» Activity:
Only the lines of the data below from the one with "col_collection = bpy.data.collections.new('Collection');" through the one with "n0 = _N.new('ShaderNodeOutputWorld');" are wanted. Repeat them exactly.

[Items from a dataset]

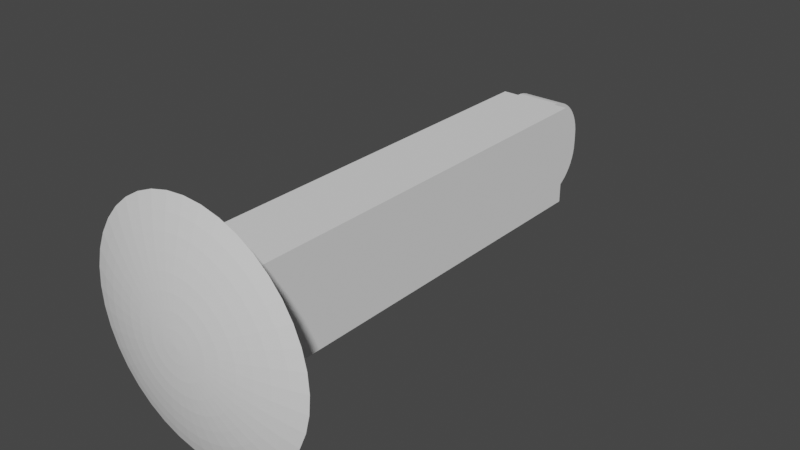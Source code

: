 # Source: Link_3_FR_c.blend  (saved by Blender 2.92.15; exported with 4.5.12 LTS)
import bpy
from mathutils import Matrix  # noqa: F401  (used for matrix-valued properties, if any)

bpy.ops.wm.read_factory_settings(use_empty=True)
scene = bpy.context.scene
scene.name = 'Scene'

# ---- collections
col_collection = bpy.data.collections.new('Collection'); scene.collection.children.link(col_collection)

# ---- world
world_world = bpy.data.worlds.new('World'); scene.world = world_world
world_world.use_nodes = True; world_world.node_tree.nodes.clear()
_N = world_world.node_tree.nodes; _L = world_world.node_tree.links
n0 = _N.new('ShaderNodeOutputWorld'); n0.name = 'World Output'; n0.location = (300, 300)
n1 = _N.new('ShaderNodeBackground'); n1.name = 'Background'; n1.location = (10, 300)
n1.inputs[0].default_value = (0.05088, 0.05088, 0.05088, 1.0)
_L.new(n1.outputs[0], n0.inputs[0])
n0.is_active_output = True
world_world.color = (0.05088, 0.05088, 0.05088)
world_world.use_sun_shadow = False
world_world.sun_shadow_jitter_overblur = 0.0

# ---- meshes
me_link_3_bl_001 = bpy.data.meshes.new('Link 3 BL.001')
me_link_3_bl_001.from_pydata([(0.006514, 0.2102, 0.00288), (0.01302, 0.2098, 0.00288), (0.01949, 0.2091, 0.00288), (0.02593, 0.2081, 0.00288), (0.03233, 0.2068, 0.00288), (0.03866, 0.2053, 0.00288), (0.04491, 0.2035, 0.00288), (0.006434, 0.2102, 0.003899), (0.01286, 0.2098, 0.004916), (0.01925, 0.2091, 0.00593), (0.02561, 0.2081, 0.006937), (0.03193, 0.2068, 0.007937), (0.03818, 0.2053, 0.008927), (0.04436, 0.2035, 0.009906), (0.006195, 0.2102, 0.004893), (0.01238, 0.2098, 0.006902), (0.01854, 0.2091, 0.008904), (0.02466, 0.2081, 0.01089), (0.03074, 0.2068, 0.01287), (0.03676, 0.2053, 0.01483), (0.04272, 0.2035, 0.01676), (0.04859, 0.2014, 0.01867), (0.005804, 0.2102, 0.005838), (0.0116, 0.2098, 0.008789), (0.01737, 0.2091, 0.01173), (0.02311, 0.2081, 0.01465), (0.0288, 0.2068, 0.01756), (0.03444, 0.2053, 0.02043), (0.04002, 0.2035, 0.02327), (0.04552, 0.2014, 0.02607), (0.00527, 0.2102, 0.006709), (0.01053, 0.2098, 0.01053), (0.01577, 0.2091, 0.01434), (0.02098, 0.2081, 0.01812), (0.02615, 0.2068, 0.02188), (0.03127, 0.2053, 0.0256), (0.03634, 0.2035, 0.02928), (0.04133, 0.2014, 0.03291), (0.004606, 0.2102, 0.007486), (0.009204, 0.2098, 0.01208), (0.01378, 0.2091, 0.01666), (0.01834, 0.2081, 0.02122), (0.02286, 0.2068, 0.02574), (0.02733, 0.2053, 0.03021), (0.03176, 0.2035, 0.03464), (0.03612, 0.2014, 0.039), (0.003829, 0.2102, 0.00815), (0.007651, 0.2098, 0.01341), (0.01146, 0.2091, 0.01865), (0.01524, 0.2081, 0.02386), (0.019, 0.2068, 0.02903), (0.02272, 0.2053, 0.03415), (0.0264, 0.2035, 0.03922), (0.002957, 0.2102, 0.008684), (0.005909, 0.2098, 0.01448), (0.00885, 0.2091, 0.02025), (0.01177, 0.2081, 0.02599), (0.01468, 0.2068, 0.03168), (0.01755, 0.2053, 0.03732), (0.02039, 0.2035, 0.0429), (0.02319, 0.2014, 0.0484), (0.002013, 0.2102, 0.009076), (0.004022, 0.2098, 0.01526), (0.006024, 0.2091, 0.02142), (0.008014, 0.2081, 0.02754), (0.009989, 0.2068, 0.03362), (0.01195, 0.2053, 0.03964), (0.01388, 0.2035, 0.0456), (0.01579, 0.2014, 0.05147), (0.001019, 0.2102, 0.009314), (0.002036, 0.2098, 0.01574), (0.003049, 0.2091, 0.02213), (0.004057, 0.2081, 0.02849), (0.005057, 0.2068, 0.03481), (0.006047, 0.2053, 0.04106), (0.007026, 0.2035, 0.04724), (0.007992, 0.2014, 0.05334), (-5.97e-09, 0.2102, 0.009394), (-7.949e-09, 0.2098, 0.0159), (-4.922e-09, 0.2091, 0.02237), (-3.525e-09, 0.2081, 0.02881), (-3.991e-09, 0.2068, 0.03521), (-9.579e-09, 0.2053, 0.04154), (-1.098e-08, 0.2035, 0.04779), (-8.647e-09, 0.2014, 0.05397), (-0.001019, 0.2102, 0.009314), (-0.002036, 0.2098, 0.01574), (-0.003049, 0.2091, 0.02213), (-0.004057, 0.2081, 0.02849), (-0.005057, 0.2068, 0.03481), (-0.006047, 0.2053, 0.04106), (-0.007026, 0.2035, 0.04724), (-0.007992, 0.2014, 0.05334), (-0.002013, 0.2102, 0.009075), (-0.004022, 0.2098, 0.01526), (-0.006024, 0.2091, 0.02142), (-0.008014, 0.2081, 0.02754), (-0.009989, 0.2068, 0.03362), (-0.01195, 0.2053, 0.03964), (-0.01388, 0.2035, 0.0456), (-0.01579, 0.2014, 0.05147), (-0.002957, 0.2102, 0.008684), (-0.005909, 0.2098, 0.01448), (-0.00885, 0.2091, 0.02025), (-0.01177, 0.2081, 0.02599), (-0.01468, 0.2068, 0.03168), (-0.01755, 0.2053, 0.03732), (-0.02039, 0.2035, 0.0429), (-0.02319, 0.2014, 0.0484), (-0.003829, 0.2102, 0.00815), (-0.007651, 0.2098, 0.01341), (-0.01146, 0.2091, 0.01865), (-0.01524, 0.2081, 0.02386), (-0.019, 0.2068, 0.02903), (-0.02272, 0.2053, 0.03415), (-0.0264, 0.2035, 0.03922), (-3.731e-09, 0.2104, 0.00288), (-0.004606, 0.2102, 0.007486), (-0.009204, 0.2098, 0.01208), (-0.01378, 0.2091, 0.01666), (-0.01834, 0.2081, 0.02122), (-0.02286, 0.2068, 0.02574), (-0.02733, 0.2053, 0.03021), (-0.03176, 0.2035, 0.03464), (-0.00527, 0.2102, 0.006709), (-0.01053, 0.2098, 0.01053), (-0.01577, 0.2091, 0.01434), (-0.02098, 0.2081, 0.01812), (-0.02615, 0.2068, 0.02188), (-0.03127, 0.2053, 0.0256), (-0.03634, 0.2035, 0.02928), (-0.005804, 0.2102, 0.005838), (-0.0116, 0.2098, 0.008789), (-0.01737, 0.2091, 0.01173), (-0.02311, 0.2081, 0.01465), (-0.0288, 0.2068, 0.01756), (-0.03444, 0.2053, 0.02043), (-0.04002, 0.2035, 0.02327), (-0.006195, 0.2102, 0.004893), (-0.01238, 0.2098, 0.006902), (-0.01854, 0.2091, 0.008904), (-0.02466, 0.2081, 0.01089), (-0.03074, 0.2068, 0.01287), (-0.03676, 0.2053, 0.01483), (-0.04272, 0.2035, 0.01676), (-0.04859, 0.2014, 0.01867), (-0.006434, 0.2102, 0.003899), (-0.01286, 0.2098, 0.004916), (-0.01925, 0.2091, 0.00593), (-0.02561, 0.2081, 0.006937), (-0.03193, 0.2068, 0.007937), (-0.03818, 0.2053, 0.008927), (-0.04436, 0.2035, 0.009906), (-0.05046, 0.2014, 0.01087), (-0.006514, 0.2102, 0.00288), (-0.01302, 0.2098, 0.00288), (-0.01949, 0.2091, 0.00288), (-0.02593, 0.2081, 0.00288), (-0.03233, 0.2068, 0.00288), (-0.03866, 0.2053, 0.00288), (-0.04491, 0.2035, 0.00288), (-0.006434, 0.2102, 0.001861), (-0.01286, 0.2098, 0.0008439), (-0.01925, 0.2091, -0.0001693), (-0.02561, 0.2081, -0.001177), (-0.03193, 0.2068, -0.002177), (-0.03818, 0.2053, -0.003167), (-0.04436, 0.2035, -0.004146), (-0.05046, 0.2014, -0.005112), (-0.006195, 0.2102, 0.0008671), (-0.01238, 0.2098, -0.001142), (-0.01854, 0.2091, -0.003144), (-0.02466, 0.2081, -0.005134), (-0.03074, 0.2068, -0.007109), (-0.03676, 0.2053, -0.009065), (-0.04272, 0.2035, -0.011), (-0.005804, 0.2102, -7.727e-05), (-0.0116, 0.2098, -0.003029), (-0.01737, 0.2091, -0.00597), (-0.02311, 0.2081, -0.008894), (-0.0288, 0.2068, -0.0118), (-0.03444, 0.2053, -0.01467), (-0.04002, 0.2035, -0.01751), (-0.00527, 0.2102, -0.0009488), (-0.01053, 0.2098, -0.004771), (-0.01577, 0.2091, -0.008578), (-0.02098, 0.2081, -0.01236), (-0.02615, 0.2068, -0.01612), (-0.03127, 0.2053, -0.01984), (-0.03634, 0.2035, -0.02352), (-0.004606, 0.2102, -0.001726), (-0.009204, 0.2098, -0.006324), (-0.01378, 0.2091, -0.0109), (-0.01834, 0.2081, -0.01546), (-0.02286, 0.2068, -0.01998), (-0.02733, 0.2053, -0.02445), (-0.03176, 0.2035, -0.02888), (-0.03612, 0.2014, -0.03324), (-0.003829, 0.2102, -0.00239), (-0.007651, 0.2098, -0.00765), (-0.01146, 0.2091, -0.01289), (-0.01524, 0.2081, -0.0181), (-0.019, 0.2068, -0.02327), (-0.02272, 0.2053, -0.02839), (-0.0264, 0.2035, -0.03346), (-0.002957, 0.2102, -0.002924), (-0.005909, 0.2098, -0.008717), (-0.00885, 0.2091, -0.01449), (-0.01177, 0.2081, -0.02023), (-0.01468, 0.2068, -0.02592), (-0.01755, 0.2053, -0.03156), (-0.02039, 0.2035, -0.03714), (-0.002013, 0.2102, -0.003315), (-0.004022, 0.2098, -0.009499), (-0.006024, 0.2091, -0.01566), (-0.008014, 0.2081, -0.02178), (-0.009989, 0.2068, -0.02786), (-0.01195, 0.2053, -0.03388), (-0.01388, 0.2035, -0.03984), (-0.001019, 0.2102, -0.003554), (-0.002036, 0.2098, -0.009976), (-0.003049, 0.2091, -0.01637), (-0.004057, 0.2081, -0.02273), (-0.005057, 0.2068, -0.02905), (-0.006047, 0.2053, -0.0353), (-0.007026, 0.2035, -0.04148), (6.603e-09, 0.2102, -0.003634), (5.555e-09, 0.2098, -0.01014), (9.513e-09, 0.2091, -0.01661), (1.091e-08, 0.2081, -0.02305), (6.719e-09, 0.2068, -0.02945), (1.836e-08, 0.2053, -0.03578), (1.464e-08, 0.2035, -0.04203), (0.001019, 0.2102, -0.003554), (0.002036, 0.2098, -0.009976), (0.003049, 0.2091, -0.01637), (0.004057, 0.2081, -0.02273), (0.005057, 0.2068, -0.02905), (0.006047, 0.2053, -0.0353), (0.007026, 0.2035, -0.04148), (0.002013, 0.2102, -0.003315), (0.004022, 0.2098, -0.009499), (0.006024, 0.2091, -0.01566), (0.008014, 0.2081, -0.02178), (0.009989, 0.2068, -0.02786), (0.01195, 0.2053, -0.03388), (0.01388, 0.2035, -0.03984), (0.002957, 0.2102, -0.002924), (0.005909, 0.2098, -0.008717), (0.00885, 0.2091, -0.01449), (0.01177, 0.2081, -0.02023), (0.01468, 0.2068, -0.02592), (0.01755, 0.2053, -0.03156), (0.02039, 0.2035, -0.03714), (0.003829, 0.2102, -0.00239), (0.007651, 0.2098, -0.00765), (0.01146, 0.2091, -0.01289), (0.01524, 0.2081, -0.0181), (0.019, 0.2068, -0.02327), (0.02272, 0.2053, -0.02839), (0.0264, 0.2035, -0.03346), (0.004606, 0.2102, -0.001726), (0.009204, 0.2098, -0.006324), (0.01378, 0.2091, -0.0109), (0.01834, 0.2081, -0.01546), (0.02286, 0.2068, -0.01998), (0.02733, 0.2053, -0.02445), (0.03176, 0.2035, -0.02888), (0.00527, 0.2102, -0.0009488), (0.01053, 0.2098, -0.004771), (0.01577, 0.2091, -0.008578), (0.02098, 0.2081, -0.01236), (0.02615, 0.2068, -0.01612), (0.03127, 0.2053, -0.01984), (0.03634, 0.2035, -0.02352), (0.04133, 0.2014, -0.02715), (0.005804, 0.2102, -7.726e-05), (0.0116, 0.2098, -0.003029), (0.01737, 0.2091, -0.00597), (0.02311, 0.2081, -0.008894), (0.0288, 0.2068, -0.0118), (0.03444, 0.2053, -0.01467), (0.04002, 0.2035, -0.01751), (0.04552, 0.2014, -0.02031), (0.006195, 0.2102, 0.0008671), (0.01238, 0.2098, -0.001142), (0.01854, 0.2091, -0.003144), (0.02466, 0.2081, -0.005134), (0.03074, 0.2068, -0.007109), (0.03676, 0.2053, -0.009065), (0.04272, 0.2035, -0.011), (0.04859, 0.2014, -0.01291), (0.006434, 0.2102, 0.001861), (0.01286, 0.2098, 0.000844), (0.01925, 0.2091, -0.0001693), (0.02561, 0.2081, -0.001177), (0.03193, 0.2068, -0.002177), (0.03818, 0.2053, -0.003167), (0.04436, 0.2035, -0.004146), (0.05046, 0.2014, -0.005112), (0.05109, 0.2014, 0.00288), (0.03612, 0.2014, -0.03324), (0.03003, 0.2014, -0.03845), (0.02319, 0.2014, -0.04264), (0.01579, 0.2014, -0.04571), (0.007992, 0.2014, -0.04758), (2.449e-08, 0.2014, -0.04821), (-0.007992, 0.2014, -0.04758), (-0.01579, 0.2014, -0.04571), (-0.02319, 0.2014, -0.04264), (-0.03003, 0.2014, -0.03845), (-0.04133, 0.2014, -0.02715), (-0.04552, 0.2014, -0.02031), (-0.04859, 0.2014, -0.01291), (-0.05109, 0.2014, 0.00288), (-0.04552, 0.2014, 0.02607), (-0.04133, 0.2014, 0.03291), (-0.03612, 0.2014, 0.039), (-0.03003, 0.2014, 0.04421), (0.03003, 0.2014, 0.04421), (0.05046, 0.2014, 0.01087), (-0.01587, 0.0054, -0.02252), (-0.01587, 0.0054, 0.02208), (0.01587, 0.0054, -0.02252), (0.01587, 0.0054, 0.02208), (-0.009525, -0.0137, -0.009317), (-0.009525, -0.01271, -0.01152), (-0.009525, -0.01146, -0.01359), (-0.009525, -0.004294, -0.01993), (-0.009525, -0.006361, -0.01868), (-0.009525, -0.002092, -0.02093), (0.009475, -0.002092, -0.02093), (-0.009525, 0.0002137, -0.02164), (0.009475, 0.0002137, -0.02164), (-0.009525, 0.002589, -0.02208), (0.009475, 0.002589, -0.02208), (0.009475, -0.004294, -0.01993), (0.009475, -0.00997, -0.01549), (0.009475, -0.008262, -0.0172), (0.009475, -0.006361, -0.01868), (0.009475, -0.01146, -0.01359), (0.009475, -0.01271, -0.01152), (0.009475, -0.0137, -0.009317), (0.009475, -0.015, -0.00075), (-0.009525, -0.015, -0.00075), (-0.009525, -0.003929, -0.00075), (0.009475, -0.003929, -0.00075), (-0.009525, -0.003439, -0.002043), (-0.009525, -0.01442, -0.007011), (-0.009525, -0.01485, -0.004636), (0.009475, -0.01485, -0.004636), (0.009475, -0.01442, -0.007011), (0.009475, -0.003439, -0.002043), (-0.009525, -0.002538, -0.003092), (0.009475, -0.002538, -0.003092), (-0.009525, -0.001334, -0.003771), (0.009475, -0.001334, -0.003771), (-0.009525, 2.982e-05, -0.004), (-0.009525, -0.00997, -0.01549), (-0.009525, -0.008262, -0.0172), (0.009475, 2.982e-05, -0.004), (0.009475, 0.002584, -0.003054), (0.009475, 0.00139, -0.003751), (0.009475, 0.003469, -0.001991), (-0.009525, 0.003469, -0.001991), (-0.009525, 0.00394, -0.0006913), (-0.009525, 0.004, -2.809e-09), (0.009475, 0.00394, -0.0006913), (0.009475, 0.00394, 0.0006913), (0.009475, 0.003469, 0.001991), (-0.009525, 0.00139, -0.003751), (-0.009525, 0.002017, -0.003454), (-0.009525, 0.002584, -0.003054), (0.009475, 0.002584, 0.003053), (0.009475, 0.00139, 0.003751), (0.009475, 2.982e-05, 0.004), (-0.009525, 2.982e-05, 0.004), (-0.009525, -0.01442, 0.007011), (-0.009525, -0.001334, 0.003771), (0.009475, -0.001334, 0.003771), (0.009475, -0.01442, 0.007011), (0.009475, -0.0137, 0.009317), (-0.009525, -0.01485, 0.004636), (0.009475, -0.002538, 0.003092), (0.009475, -0.01485, 0.004636), (0.009475, -0.003439, 0.002043), (-0.009525, -0.003439, 0.002043), (-0.009525, -0.003929, 0.00075), (0.009475, -0.003929, 0.00075), (-0.009525, -0.015, 0.00075), (0.009475, -0.015, 0.00075), (-0.009525, -0.0137, 0.009317), (-0.009525, -0.01271, 0.01152), (-0.009525, -0.01146, 0.01359), (-0.009525, -0.00997, 0.01549), (0.009475, -0.00997, 0.01549), (0.009475, -0.01271, 0.01152), (0.009475, -0.01146, 0.01359), (0.009475, -0.008262, 0.0172), (0.009475, -0.006361, 0.01868), (0.009475, -0.004294, 0.01993), (0.009475, -0.002092, 0.02093), (0.009475, 0.0002137, 0.02164), (-0.009525, -0.002092, 0.02093), (0.009475, 0.002589, 0.02208), (-0.009525, -0.004294, 0.01993), (-0.009525, 0.0002137, 0.02164), (-0.009525, 0.002589, 0.02208), (-0.009525, -0.006361, 0.01868), (-0.009525, -0.008262, 0.0172), (-0.009525, -0.002538, 0.003092), (-0.009525, 0.00139, 0.003751), (-0.009525, 0.002584, 0.003053), (-0.009525, 0.003469, 0.001991), (-0.009525, 0.00394, 0.0006913), (-0.009525, 0.0054, -0.02209), (0.009475, 0.0054, -0.02209), (0.009475, 0.0054, -0.002932), (0.009475, 0.0054, 0.02208), (-0.009525, 0.0054, 0.02208), (0.01587, 0.2014, 0.02208), (-0.01587, 0.2014, -0.02252), (-0.01587, 0.2014, 0.02208), (0.01587, 0.2014, -0.02252)], [], [(221, 213, 220), (229, 237, 230), (291, 298, 299), (279, 288, 280), (116, 7, 0), (23, 32, 24), (82, 89, 90), (314, 167, 168), (103, 112, 104), (116, 14, 7), (170, 178, 171), (147, 138, 146), (12, 20, 13), (111, 120, 112), (273, 280, 281), (166, 175, 167), (285, 276, 284), (114, 121, 122), (163, 172, 164), (231, 238, 239), (24, 15, 23), (44, 319, 45), (116, 22, 14), (125, 133, 126), (215, 223, 216), (261, 269, 262), (263, 269, 270), (116, 30, 22), (310, 211, 309), (74, 81, 82), (54, 46, 53), (96, 87, 95), (157, 165, 158), (129, 137, 130), (116, 38, 30), (86, 94, 95), (141, 150, 142), (260, 301, 302), (220, 228, 221), (86, 77, 85), (188, 194, 195), (40, 49, 41), (270, 277, 278), (151, 144, 143), (256, 264, 257), (249, 255, 256), (64, 57, 56), (116, 46, 38), (18, 25, 26), (122, 128, 129), (63, 72, 64), (124, 132, 125), (108, 115, 318), (116, 53, 46), (75, 84, 76), (224, 232, 225), (93, 86, 85), (166, 173, 174), (222, 214, 221), (116, 61, 53), (91, 100, 92), (257, 265, 258), (51, 57, 58), (217, 225, 218), (88, 97, 89), (116, 69, 61), (245, 253, 246), (176, 184, 177), (284, 293, 285), (253, 302, 303), (300, 13, 320), (321, 323, 416), (352, 353, 347), (227, 219, 226), (74, 67, 66), (120, 128, 121), (195, 202, 203), (55, 47, 54), (281, 288, 289), (116, 77, 69), (43, 50, 51), (249, 243, 242), (210, 218, 211), (119, 110, 118), (116, 85, 77), (259, 267, 260), (236, 244, 237), (309, 218, 308), (181, 189, 182), (274, 283, 275), (27, 36, 28), (116, 93, 85), (254, 262, 255), (143, 150, 151), (224, 230, 231), (102, 111, 103), (116, 101, 93), (55, 64, 56), (207, 201, 200), (155, 146, 154), (55, 49, 48), (95, 104, 96), (250, 258, 251), (195, 204, 196), (206, 198, 205), (301, 274, 275), (242, 236, 235), (208, 216, 209), (28, 29, 21), (183, 191, 184), (116, 109, 101), (120, 127, 128), (132, 138, 139), (151, 160, 152), (116, 117, 109), (270, 279, 271), (28, 21, 20), (307, 232, 306), (132, 140, 133), (252, 260, 253), (92, 83, 91), (116, 124, 117), (42, 49, 50), (159, 165, 166), (9, 3, 2), (191, 200, 192), (249, 257, 250), (318, 123, 317), (295, 286, 294), (164, 173, 165), (154, 162, 155), (90, 99, 91), (139, 148, 140), (170, 161, 169), (116, 131, 124), (188, 196, 189), (132, 139, 140), (54, 63, 55), (35, 42, 43), (281, 290, 282), (116, 138, 131), (297, 6, 298), (65, 72, 73), (107, 98, 106), (10, 16, 17), (46, 39, 38), (116, 146, 138), (94, 103, 95), (272, 264, 271), (238, 246, 239), (304, 239, 246), (233, 241, 234), (116, 154, 146), (11, 5, 4), (181, 187, 188), (50, 56, 57), (208, 214, 215), (97, 104, 105), (0, 8, 1), (242, 234, 241), (168, 175, 313), (248, 242, 241), (156, 164, 157), (155, 163, 156), (4, 10, 11), (311, 196, 197), (116, 161, 154), (151, 158, 159), (9, 10, 3), (13, 21, 320), (190, 199, 191), (116, 169, 161), (27, 34, 35), (71, 80, 72), (229, 221, 228), (40, 33, 32), (59, 66, 67), (145, 152, 153), (116, 176, 169), (289, 298, 290), (205, 213, 206), (17, 11, 10), (116, 183, 176), (298, 300, 299), (177, 185, 178), (114, 123, 115), (296, 287, 295), (247, 255, 248), (252, 258, 259), (313, 182, 312), (315, 144, 145), (245, 251, 252), (286, 293, 294), (144, 136, 143), (102, 109, 110), (203, 211, 204), (116, 190, 183), (238, 244, 245), (193, 202, 194), (179, 187, 180), (9, 1, 8), (116, 198, 190), (290, 283, 282), (221, 214, 213), (212, 220, 213), (88, 79, 87), (214, 206, 213), (36, 45, 37), (116, 205, 198), (294, 3, 295), (278, 285, 286), (226, 234, 227), (231, 239, 232), (236, 228, 235), (30, 39, 31), (134, 142, 135), (119, 127, 120), (71, 62, 70), (122, 130, 123), (136, 142, 143), (306, 239, 305), (116, 212, 205), (262, 256, 255), (271, 280, 272), (17, 24, 25), (203, 209, 210), (129, 135, 136), (116, 219, 212), (268, 277, 269), (197, 204, 310), (292, 1, 293), (15, 9, 8), (29, 36, 37), (116, 226, 219), (162, 171, 163), (127, 135, 128), (154, 161, 162), (178, 186, 179), (286, 279, 278), (116, 233, 226), (73, 66, 65), (86, 95, 87), (243, 251, 244), (26, 19, 18), (23, 14, 22), (174, 180, 181), (263, 271, 264), (317, 130, 316), (192, 184, 191), (118, 126, 119), (78, 69, 77), (36, 43, 44), (169, 177, 170), (116, 240, 233), (64, 65, 57), (308, 225, 307), (81, 72, 80), (259, 265, 266), (116, 247, 240), (86, 79, 78), (52, 60, 319), (33, 26, 25), (231, 237, 238), (193, 185, 192), (151, 152, 144), (116, 254, 247), (199, 207, 200), (295, 4, 296), (112, 105, 104), (90, 97, 98), (116, 261, 254), (118, 124, 125), (140, 149, 141), (112, 121, 113), (25, 32, 33), (289, 296, 297), (89, 80, 88), (171, 179, 172), (186, 194, 187), (125, 132, 133), (182, 174, 181), (201, 209, 202), (149, 158, 150), (116, 268, 261), (153, 160, 314), (273, 282, 274), (148, 157, 149), (91, 82, 90), (116, 276, 268), (316, 137, 315), (234, 228, 227), (147, 156, 148), (44, 51, 52), (39, 47, 48), (59, 68, 60), (116, 284, 276), (19, 28, 20), (192, 201, 193), (39, 48, 40), (40, 31, 39), (22, 31, 23), (356, 353, 354), (106, 113, 114), (312, 189, 311), (222, 230, 223), (108, 99, 107), (296, 5, 297), (11, 19, 12), (116, 292, 284), (390, 344, 343), (394, 397, 395), (62, 53, 61), (118, 109, 117), (116, 0, 292), (359, 339, 338), (133, 141, 134), (358, 338, 337), (126, 134, 127), (329, 336, 339), (7, 15, 8), (368, 414, 366), (369, 412, 413), (293, 2, 294), (266, 272, 273), (411, 373, 374), (350, 344, 349), (342, 348, 325), (11, 12, 5), (403, 400, 401), (341, 325, 326), (70, 79, 71), (371, 370, 362), (390, 382, 389), (327, 337, 340), (352, 345, 346), (333, 330, 332), (51, 59, 52), (188, 187, 194), (383, 378, 379), (370, 360, 362), (378, 375, 379), (385, 387, 386), (413, 368, 369), (210, 216, 217), (361, 371, 362), (393, 396, 397), (402, 407, 406), (406, 401, 402), (334, 332, 370), (345, 388, 346), (357, 355, 356), (86, 78, 77), (386, 383, 385), (408, 398, 399), (376, 374, 375), (367, 366, 365), (351, 349, 348), (376, 411, 374), (101, 94, 93), (246, 303, 304), (392, 381, 396), (365, 363, 367), (364, 361, 363), (326, 340, 341), (335, 332, 334), (391, 380, 381), (164, 172, 173), (76, 67, 75), (318, 115, 123), (210, 209, 216), (234, 235, 228), (359, 329, 339), (160, 166, 167), (323, 420, 324), (304, 305, 239), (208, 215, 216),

» Exercise answer:
col_collection = bpy.data.collections.new('Collection'); scene.collection.children.link(col_collection)

# ---- world
world_world = bpy.data.worlds.new('World'); scene.world = world_world
world_world.use_nodes = True; world_world.node_tree.nodes.clear()
_N = world_world.node_tree.nodes; _L = world_world.node_tree.links
n0 = _N.new('ShaderNodeOutputWorld'); n0.name = 'World Output'; n0.location = (300, 300)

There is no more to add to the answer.